Wat is het?
Zoals overal in het lichaam kunnen ook in de uitwendige gehoorgang tumoren ontstaan.
De uitwendige gehoorgang bestaat uit de oorschelp en het gangetje binnenin tot aan het trommelvlies.
Maar ook gezwellen in het middenoor kunnen door het trommelvlies groeien en in de gehoorgang verschijnen.
Tumoren kunnen goedaardig of kwaadaardig zijn.
De meeste tumoren zijn goedaardig:
- een exostose is een aangroei van beenweefsel dichtbij het trommelvlies. Dit komt veel voor bij surfers, door de voortdurende prikkeling van het beenvlies door koud water. Exostosen zijn dan meestal veelvuldig in beide oren aanwezig.
- een osteoma komt veel minder vaak voor; het is een goedaardig gezwel van het bot dat lijkt op een kleine paddenstoel met een steeltje, doorgaans maar in 1 oor.

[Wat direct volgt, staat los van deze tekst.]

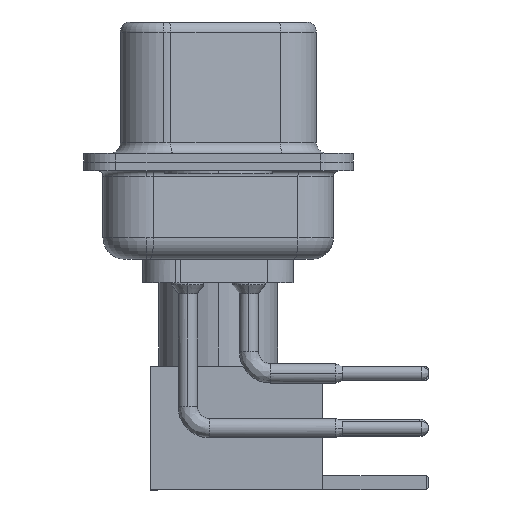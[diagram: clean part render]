
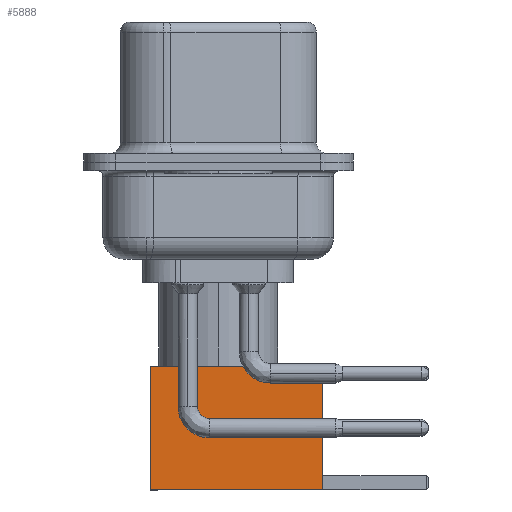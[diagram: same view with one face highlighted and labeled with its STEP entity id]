
A CAD part, left-side view. The second image highlights one B-rep face of the part: STEP entity #5888.
In plain terms, the highlighted face is planar.
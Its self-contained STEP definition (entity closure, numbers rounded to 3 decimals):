
#738 = ORIENTED_EDGE ( 'NONE', *, *, #1959, .T. ) ;
#1959 = EDGE_CURVE ( 'NONE', #11174, #13884, #18750, .T. ) ;
#4319 = VECTOR ( 'NONE', #14650, 1000. ) ;
#5453 = DIRECTION ( 'NONE',  ( 0., 0., -1. ) ) ;
#5888 = ADVANCED_FACE ( 'NONE', ( #26810 ), #27079, .T. ) ;
#7618 = DIRECTION ( 'NONE',  ( 0., 1., 0. ) ) ;
#8407 = CARTESIAN_POINT ( 'NONE',  ( 0., 2.875, 8. ) ) ;
#8479 = ORIENTED_EDGE ( 'NONE', *, *, #21815, .T. ) ;
#9368 = DIRECTION ( 'NONE',  ( 0., 0., 1. ) ) ;
#9999 = LINE ( 'NONE', #16272, #23494 ) ;
#10956 = DIRECTION ( 'NONE',  ( 0., 0., -1. ) ) ;
#11174 = VERTEX_POINT ( 'NONE', #27799 ) ;
#12613 = EDGE_CURVE ( 'NONE', #25881, #13884, #12810, .T. ) ;
#12810 = LINE ( 'NONE', #15376, #18013 ) ;
#13258 = CARTESIAN_POINT ( 'NONE',  ( -2.875, 2.875, 0. ) ) ;
#13884 = VERTEX_POINT ( 'NONE', #13258 ) ;
#14650 = DIRECTION ( 'NONE',  ( -1., 0., 0. ) ) ;
#15376 = CARTESIAN_POINT ( 'NONE',  ( -2.875, 2.875, 0. ) ) ;
#16272 = CARTESIAN_POINT ( 'NONE',  ( 2.875, 2.875, 0. ) ) ;
#16504 = AXIS2_PLACEMENT_3D ( 'NONE', #20417, #7618, #9368 ) ;
#16649 = EDGE_LOOP ( 'NONE', ( #8479, #738, #18595, #16826 ) ) ;
#16826 = ORIENTED_EDGE ( 'NONE', *, *, #25043, .F. ) ;
#17792 = VECTOR ( 'NONE', #21169, 1000. ) ;
#18013 = VECTOR ( 'NONE', #10956, 1000. ) ;
#18595 = ORIENTED_EDGE ( 'NONE', *, *, #12613, .F. ) ;
#18750 = LINE ( 'NONE', #23131, #4319 ) ;
#20417 = CARTESIAN_POINT ( 'NONE',  ( 2.875, 2.875, 0. ) ) ;
#21169 = DIRECTION ( 'NONE',  ( -1., 0., 0. ) ) ;
#21815 = EDGE_CURVE ( 'NONE', #25498, #11174, #9999, .T. ) ;
#23131 = CARTESIAN_POINT ( 'NONE',  ( 0., 2.875, 0. ) ) ;
#23494 = VECTOR ( 'NONE', #5453, 1000. ) ;
#23558 = CARTESIAN_POINT ( 'NONE',  ( 2.875, 2.875, 8. ) ) ;
#25043 = EDGE_CURVE ( 'NONE', #25498, #25881, #25590, .T. ) ;
#25498 = VERTEX_POINT ( 'NONE', #23558 ) ;
#25590 = LINE ( 'NONE', #8407, #17792 ) ;
#25719 = CARTESIAN_POINT ( 'NONE',  ( -2.875, 2.875, 8. ) ) ;
#25881 = VERTEX_POINT ( 'NONE', #25719 ) ;
#26810 = FACE_OUTER_BOUND ( 'NONE', #16649, .T. ) ;
#27079 = PLANE ( 'NONE',  #16504 ) ;
#27799 = CARTESIAN_POINT ( 'NONE',  ( 2.875, 2.875, 0. ) ) ;
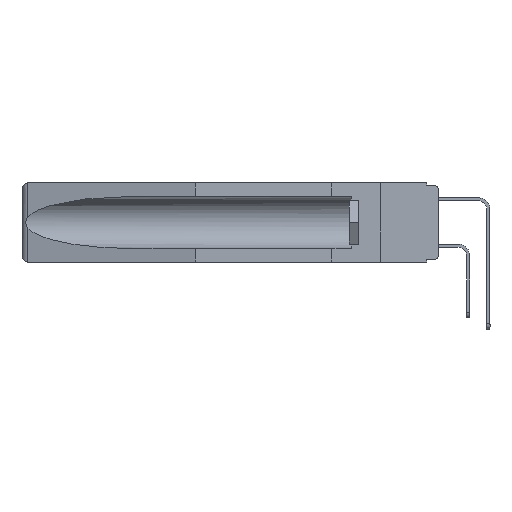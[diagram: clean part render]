
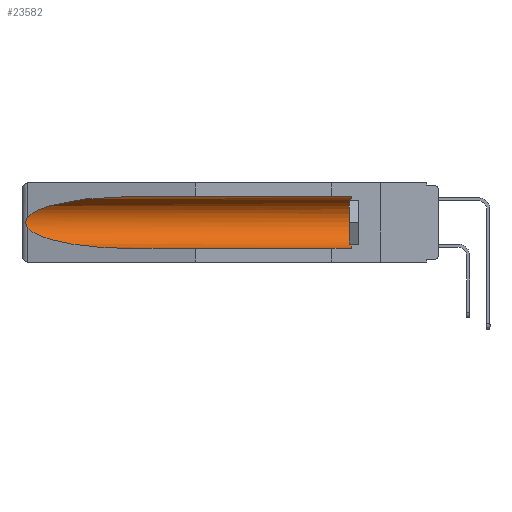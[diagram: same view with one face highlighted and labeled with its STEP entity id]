
A CAD part, left-side view. The second image highlights one B-rep face of the part: STEP entity #23582.
In plain terms, the highlighted cylindrical face has radius 2.857 mm (diameter 5.715 mm), a partial arc.
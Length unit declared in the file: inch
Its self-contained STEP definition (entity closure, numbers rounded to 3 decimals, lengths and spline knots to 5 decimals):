
#176 = CARTESIAN_POINT ( 'NONE',  ( 0.155, -0.30754, -0.059 ) ) ;
#383 =( BOUNDED_CURVE ( )  B_SPLINE_CURVE ( 3, ( #22316, #18494, #24660, #17915 ),
 .UNSPECIFIED., .F., .F. ) 
 B_SPLINE_CURVE_WITH_KNOTS ( ( 4, 4 ),
 ( 4.71239, 6.08839 ),
 .UNSPECIFIED. ) 
 CURVE ( )  GEOMETRIC_REPRESENTATION_ITEM ( )  RATIONAL_B_SPLINE_CURVE ( ( 1., 0.848, 0.848, 1. ) ) 
 REPRESENTATION_ITEM ( '' )  );
#1405 = VERTEX_POINT ( 'NONE', #15836 ) ;
#1415 = CARTESIAN_POINT ( 'NONE',  ( 0.2675, 1.53308, -0.16763 ) ) ;
#1612 = EDGE_CURVE ( 'NONE', #4918, #17978, #16750, .T. ) ;
#2420 = CARTESIAN_POINT ( 'NONE',  ( 0.155, -0.30754, -0.284 ) ) ;
#2899 = VECTOR ( 'NONE', #11891, 39.37008 ) ;
#3789 = CARTESIAN_POINT ( 'NONE',  ( 0.25451, 1.48313, -0.24835 ) ) ;
#4863 = ORIENTED_EDGE ( 'NONE', *, *, #27417, .T. ) ;
#4918 = VERTEX_POINT ( 'NONE', #10060 ) ;
#5164 = EDGE_LOOP ( 'NONE', ( #24249, #8267, #4863, #16378, #24923, #12347 ) ) ;
#5228 =( BOUNDED_CURVE ( )  B_SPLINE_CURVE ( 3, ( #17332, #3789, #22012, #28175 ),
 .UNSPECIFIED., .F., .T. ) 
 B_SPLINE_CURVE_WITH_KNOTS ( ( 4, 4 ),
 ( 0.1948, 1.5708 ),
 .UNSPECIFIED. ) 
 CURVE ( )  GEOMETRIC_REPRESENTATION_ITEM ( )  RATIONAL_B_SPLINE_CURVE ( ( 1., 0.848, 0.848, 1. ) ) 
 REPRESENTATION_ITEM ( '' )  );
#5395 = CARTESIAN_POINT ( 'NONE',  ( 0.155, -0.30754, -0.1715 ) ) ;
#5692 = DIRECTION ( 'NONE',  ( 0., 1., 0. ) ) ;
#5936 = CARTESIAN_POINT ( 'NONE',  ( 0.26597, 1.52961, -0.15275 ) ) ;
#6520 = CARTESIAN_POINT ( 'NONE',  ( 0.26537, 1.52718, -0.19328 ) ) ;
#6635 = CIRCLE ( 'NONE', #11349, 0.1125 ) ;
#7791 = VERTEX_POINT ( 'NONE', #13740 ) ;
#7953 = DIRECTION ( 'NONE',  ( 0., -1., 0. ) ) ;
#8145 = CARTESIAN_POINT ( 'NONE',  ( 0.26655, 1.53094, -0.18657 ) ) ;
#8267 = ORIENTED_EDGE ( 'NONE', *, *, #1612, .T. ) ;
#8840 = CARTESIAN_POINT ( 'NONE',  ( 0.26537, 1.52718, -0.19328 ) ) ;
#9392 = EDGE_CURVE ( 'NONE', #1405, #14647, #22524, .T. ) ;
#10060 = CARTESIAN_POINT ( 'NONE',  ( 0.26537, 1.52718, -0.14972 ) ) ;
#11349 = AXIS2_PLACEMENT_3D ( 'NONE', #28092, #7953, #16947 ) ;
#11891 = DIRECTION ( 'NONE',  ( 0., 1., 0. ) ) ;
#12172 = FACE_OUTER_BOUND ( 'NONE', #5164, .T. ) ;
#12347 = ORIENTED_EDGE ( 'NONE', *, *, #14935, .T. ) ;
#12706 = CARTESIAN_POINT ( 'NONE',  ( 0.2675, 1.53308, -0.17534 ) ) ;
#13324 = EDGE_CURVE ( 'NONE', #1405, #7791, #6635, .T. ) ;
#13740 = CARTESIAN_POINT ( 'NONE',  ( 0.155, 0.126, -0.059 ) ) ;
#14647 = VERTEX_POINT ( 'NONE', #17092 ) ;
#14935 = EDGE_CURVE ( 'NONE', #7791, #28574, #22928, .T. ) ;
#15075 = CARTESIAN_POINT ( 'NONE',  ( 0.2673, 1.5327, -0.16383 ) ) ;
#15206 = DIRECTION ( 'NONE',  ( 0., 1., 0. ) ) ;
#15285 = EDGE_CURVE ( 'NONE', #28574, #4918, #383, .T. ) ;
#15836 = CARTESIAN_POINT ( 'NONE',  ( 0.155, 0.126, -0.284 ) ) ;
#16378 = ORIENTED_EDGE ( 'NONE', *, *, #9392, .F. ) ;
#16479 = CARTESIAN_POINT ( 'NONE',  ( 0.155, 1.07973, -0.059 ) ) ;
#16750 = B_SPLINE_CURVE_WITH_KNOTS ( 'NONE', 3,
 ( #22111, #5936, #19767, #15075, #1415, #12706, #17281, #8145, #23879, #6520 ),
 .UNSPECIFIED., .F., .F.,
 ( 4, 2, 2, 2, 4 ),
 ( 0., 0.00029, 0.00058, 0.00087, 0.00117 ),
 .UNSPECIFIED. ) ;
#16947 = DIRECTION ( 'NONE',  ( 0., 0., 1. ) ) ;
#17092 = CARTESIAN_POINT ( 'NONE',  ( 0.155, 1.07973, -0.284 ) ) ;
#17281 = CARTESIAN_POINT ( 'NONE',  ( 0.2673, 1.53269, -0.17917 ) ) ;
#17332 = CARTESIAN_POINT ( 'NONE',  ( 0.26537, 1.52718, -0.19328 ) ) ;
#17915 = CARTESIAN_POINT ( 'NONE',  ( 0.26537, 1.52718, -0.14972 ) ) ;
#17978 = VERTEX_POINT ( 'NONE', #8840 ) ;
#18494 = CARTESIAN_POINT ( 'NONE',  ( 0.21114, 1.30732, -0.059 ) ) ;
#19767 = CARTESIAN_POINT ( 'NONE',  ( 0.26654, 1.53092, -0.15636 ) ) ;
#20127 = AXIS2_PLACEMENT_3D ( 'NONE', #5395, #5692, #21145 ) ;
#21145 = DIRECTION ( 'NONE',  ( 0., 0., 1. ) ) ;
#21282 = CYLINDRICAL_SURFACE ( 'NONE', #20127, 0.1125 ) ;
#22012 = CARTESIAN_POINT ( 'NONE',  ( 0.21114, 1.30732, -0.284 ) ) ;
#22111 = CARTESIAN_POINT ( 'NONE',  ( 0.26537, 1.52718, -0.14972 ) ) ;
#22316 = CARTESIAN_POINT ( 'NONE',  ( 0.155, 1.07973, -0.059 ) ) ;
#22524 = LINE ( 'NONE', #2420, #28656 ) ;
#22928 = LINE ( 'NONE', #176, #2899 ) ;
#23582 = ADVANCED_FACE ( 'NONE', ( #12172 ), #21282, .F. ) ;
#23879 = CARTESIAN_POINT ( 'NONE',  ( 0.26597, 1.5296, -0.19026 ) ) ;
#24249 = ORIENTED_EDGE ( 'NONE', *, *, #15285, .T. ) ;
#24660 = CARTESIAN_POINT ( 'NONE',  ( 0.25451, 1.48313, -0.09465 ) ) ;
#24923 = ORIENTED_EDGE ( 'NONE', *, *, #13324, .T. ) ;
#27417 = EDGE_CURVE ( 'NONE', #17978, #14647, #5228, .T. ) ;
#28092 = CARTESIAN_POINT ( 'NONE',  ( 0.155, 0.126, -0.1715 ) ) ;
#28175 = CARTESIAN_POINT ( 'NONE',  ( 0.155, 1.07973, -0.284 ) ) ;
#28574 = VERTEX_POINT ( 'NONE', #16479 ) ;
#28656 = VECTOR ( 'NONE', #15206, 39.37008 ) ;
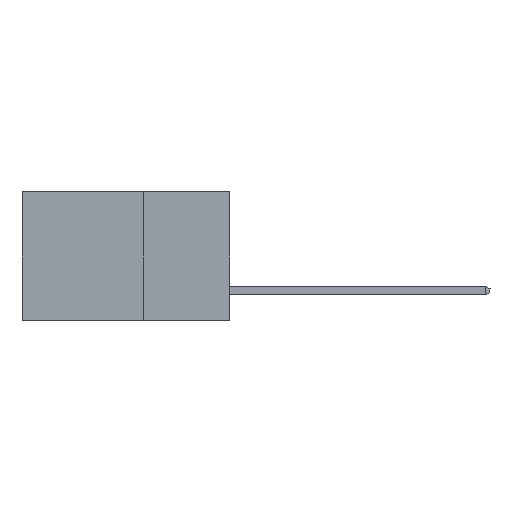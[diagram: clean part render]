
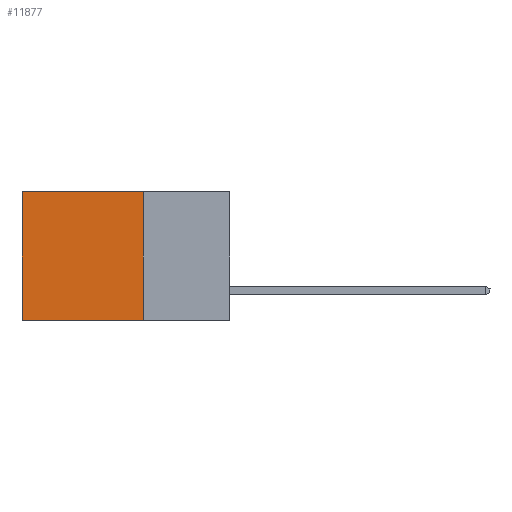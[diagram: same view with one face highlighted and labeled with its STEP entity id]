
A CAD part, left-side view. The second image highlights one B-rep face of the part: STEP entity #11877.
In plain terms, the highlighted planar face has unit normal (-1, 0, 0).
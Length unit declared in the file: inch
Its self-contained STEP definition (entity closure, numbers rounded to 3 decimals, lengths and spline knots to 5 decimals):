
#385 = EDGE_LOOP ( 'NONE', ( #3956, #6192, #5898, #2995 ) ) ;
#811 = VECTOR ( 'NONE', #10612, 39.37008 ) ;
#816 = AXIS2_PLACEMENT_3D ( 'NONE', #15141, #15306, #5010 ) ;
#1218 = DIRECTION ( 'NONE',  ( 0., 0., -1. ) ) ;
#1342 = VERTEX_POINT ( 'NONE', #8300 ) ;
#1690 = CARTESIAN_POINT ( 'NONE',  ( 0.2615, 0.25, -0.37 ) ) ;
#2378 = DIRECTION ( 'NONE',  ( 0., 0., -1. ) ) ;
#2428 = PLANE ( 'NONE',  #816 ) ;
#2995 = ORIENTED_EDGE ( 'NONE', *, *, #3297, .T. ) ;
#3297 = EDGE_CURVE ( 'NONE', #1342, #12637, #5582, .T. ) ;
#3530 = VECTOR ( 'NONE', #2378, 39.37008 ) ;
#3956 = ORIENTED_EDGE ( 'NONE', *, *, #5224, .T. ) ;
#4907 = CARTESIAN_POINT ( 'NONE',  ( 0.2615, 0.25, -0.37 ) ) ;
#4943 = CARTESIAN_POINT ( 'NONE',  ( 0.2615, 0.6, -0.37 ) ) ;
#4973 = VERTEX_POINT ( 'NONE', #9474 ) ;
#5010 = DIRECTION ( 'NONE',  ( 0., 0., -1. ) ) ;
#5133 = DIRECTION ( 'NONE',  ( 0., 1., 0. ) ) ;
#5224 = EDGE_CURVE ( 'NONE', #12637, #5807, #16285, .T. ) ;
#5582 = LINE ( 'NONE', #8253, #811 ) ;
#5807 = VERTEX_POINT ( 'NONE', #4943 ) ;
#5898 = ORIENTED_EDGE ( 'NONE', *, *, #6077, .F. ) ;
#6077 = EDGE_CURVE ( 'NONE', #1342, #4973, #6169, .T. ) ;
#6169 = LINE ( 'NONE', #4907, #9414 ) ;
#6192 = ORIENTED_EDGE ( 'NONE', *, *, #14970, .F. ) ;
#7996 = VECTOR ( 'NONE', #5133, 39.37008 ) ;
#8253 = CARTESIAN_POINT ( 'NONE',  ( 0.2615, 0.25, 0. ) ) ;
#8300 = CARTESIAN_POINT ( 'NONE',  ( 0.2615, 0.25, 0. ) ) ;
#8821 = CARTESIAN_POINT ( 'NONE',  ( 0.2615, 0.6, -0.37 ) ) ;
#9414 = VECTOR ( 'NONE', #1218, 39.37008 ) ;
#9474 = CARTESIAN_POINT ( 'NONE',  ( 0.2615, 0.25, -0.37 ) ) ;
#10214 = FACE_OUTER_BOUND ( 'NONE', #385, .T. ) ;
#10612 = DIRECTION ( 'NONE',  ( 0., 1., 0. ) ) ;
#11877 = ADVANCED_FACE ( 'NONE', ( #10214 ), #2428, .F. ) ;
#12637 = VERTEX_POINT ( 'NONE', #14693 ) ;
#13169 = LINE ( 'NONE', #1690, #7996 ) ;
#14693 = CARTESIAN_POINT ( 'NONE',  ( 0.2615, 0.6, 0. ) ) ;
#14970 = EDGE_CURVE ( 'NONE', #4973, #5807, #13169, .T. ) ;
#15141 = CARTESIAN_POINT ( 'NONE',  ( 0.2615, 0.25, -0.37 ) ) ;
#15306 = DIRECTION ( 'NONE',  ( 1., 0., 0. ) ) ;
#16285 = LINE ( 'NONE', #8821, #3530 ) ;

- een cholesteatoom of parelgezwel is zeldzaam en kan aangeboren of verworven zijn. Het ontstaat meestal na herhaalde middenoorontstekingen waarbij het trommelvlies almaar meer wordt ingetrokken. In de ruimte die daardoor ontstaat hopen afgeschilferde huidcellen zich op. Het kan ook ontstaan, maar minder vaak, na een trommelvliesperforatie (gaatje in het trommelvlies) of na plaatsing van trommelvliesbuisjes. Een cholesteatoom groeit meestal vanuit het middenoor door het trommelvlies naar buiten. Het kan de structuren in het middenoor aantasten.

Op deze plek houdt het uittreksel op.